- TASK DESCRIPTION:
The answer must be every line of the data that holds the word "construction".
----------------
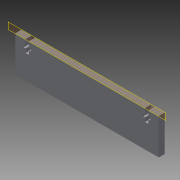
# Autodesk Inventor part: baseBoxShortSide
Saved by Autodesk Inventor 2013 (Build 170138000, 138)
## iProperties
Created: 2014-06-24
Part Number: baseBoxShortSide
Material: Generic
Document SubType Name: Modeling
Designer: Nano
Density: 1 g/cm^3
Author: Nano
Autodesk Inventor part; units mm, degrees
ref_plane "YZ Plane" through (0, 0, 0) normal (1, 0, 0) x (0, 1, 0)
ref_plane "XZ Plane" through (0, 0, 0) normal (0, 1, 0) x (-1, 0, 0)
ref_plane "XY Plane" through (0, 0, 0) normal (0, 0, 1) x (1, 0, 0)
ref_plane "Work Plane1" through (0, 0, 0) normal (0, 0, 1) x (1, 0, 0)
sketch "Sketch1" plane through (0, 0, 0) normal (0, 0, 1) x (1, 0, 0)
  line L0 (-77.8391, 0) -> (-108.8361, 0) projected
  line L1 (-108.8361, -33.02) -> (-108.8361, 0) projected
  line L2 (-77.8391, -33.02) -> (-108.8361, -33.02) projected
  line L3 (-77.8391, -33.02) -> (-77.8391, 0) projected
  line L4 (-152.4, 0) -> (0, 0) construction
  line L5 (-152.4, 0) -> (-152.4, 6.35) construction
  line L6 (0, 0) -> (0, 6.35) construction
  line L7 (-152.4, 0) -> (0, 0)
  line L8 (0, 0) -> (0, -38.1)
  line L9 (0, -38.1) -> (-152.4, -38.1)
  line L10 (-152.4, -38.1) -> (-152.4, 0)
  line L11 (-137.8458, 6.35) -> (-137.8458, 0)
  line L12 (-141.5542, 6.35) -> (-141.5542, 0)
  line L13 (-14.5542, 6.35) -> (-14.5542, 0)
  line L14 (-10.8458, 6.35) -> (-10.8458, 0)
  line L15 (-141.5542, 0) -> (-137.8458, 0)
  line L16 (-137.8458, 0) -> (-137.8458, -12.7)
  line L17 (-137.8458, -12.7) -> (-141.5542, -12.7)
  line L18 (-141.5542, -12.7) -> (-141.5542, 0)
  line L19 (-14.5542, 0) -> (-10.8458, 0)
  line L20 (-10.8458, 0) -> (-10.8458, -12.7)
  line L21 (-10.8458, -12.7) -> (-14.5542, -12.7)
  line L22 (-14.5542, -12.7) -> (-14.5542, 0)
  line L23 (-16.637, -5.7726) -> (-8.763, -5.7726)
  line L24 (-8.763, -5.7726) -> (-8.763, -8.5666)
  line L25 (-8.763, -8.5666) -> (-16.637, -8.5666)
  line L26 (-16.637, -8.5666) -> (-16.637, -5.7726)
  line L27 (-143.637, -5.7726) -> (-135.763, -5.7726)
  line L28 (-135.763, -5.7726) -> (-135.763, -8.5666)
  line L29 (-135.763, -8.5666) -> (-143.637, -8.5666)
  line L30 (-143.637, -8.5666) -> (-143.637, -5.7726)
  dimension "d0" = 38.1
  dimension "d1" = 12.7
  dimension "d2" = 7.874
  dimension "d3" = 2.794
  dimension "d6" = 2.0828
  dimension "d7" = 2.0828
  dimension "d8" = 7.874
  dimension "d9" = 2.0828
  dimension "d10" = 2.0828
  constraints: 48 end point, 10 parallel, 8 vertical, 5 horizontal, 5 perpendicular, 8 other
  measures "d0" distance of L7.end L8.end
  measures "d1" distance of L15.end L16.end
  measures "d2" distance of L24.end L25.end
  measures "d3" distance of L23.end L24.end
  measures "d6" distance between parallel lines of L26 L22
  measures "d7" distance between parallel lines of L20 L24
  measures "d8" distance of L28.end L29.end
  measures "d9" distance between parallel lines of L18 L30
  measures "d10" distance between parallel lines of L28 L16
extrude "Extrusion1" add sketch "Sketch1" against normal blind 6.35 contours L3 L2 L1 L0 | L7 L22 L23 L26 L25 L21 L20 L24 L8 L9 L10 L18 L27 L30 L29 L17 L16 L28 L1 L2 L3
equation "\"d6\" = d7"
equation "\"d9\" = d10"
body "Solid1"
----------------
- EXPECTED ANSWER:
  line L4 (-152.4, 0) -> (0, 0) construction
  line L5 (-152.4, 0) -> (-152.4, 6.35) construction
  line L6 (0, 0) -> (0, 6.35) construction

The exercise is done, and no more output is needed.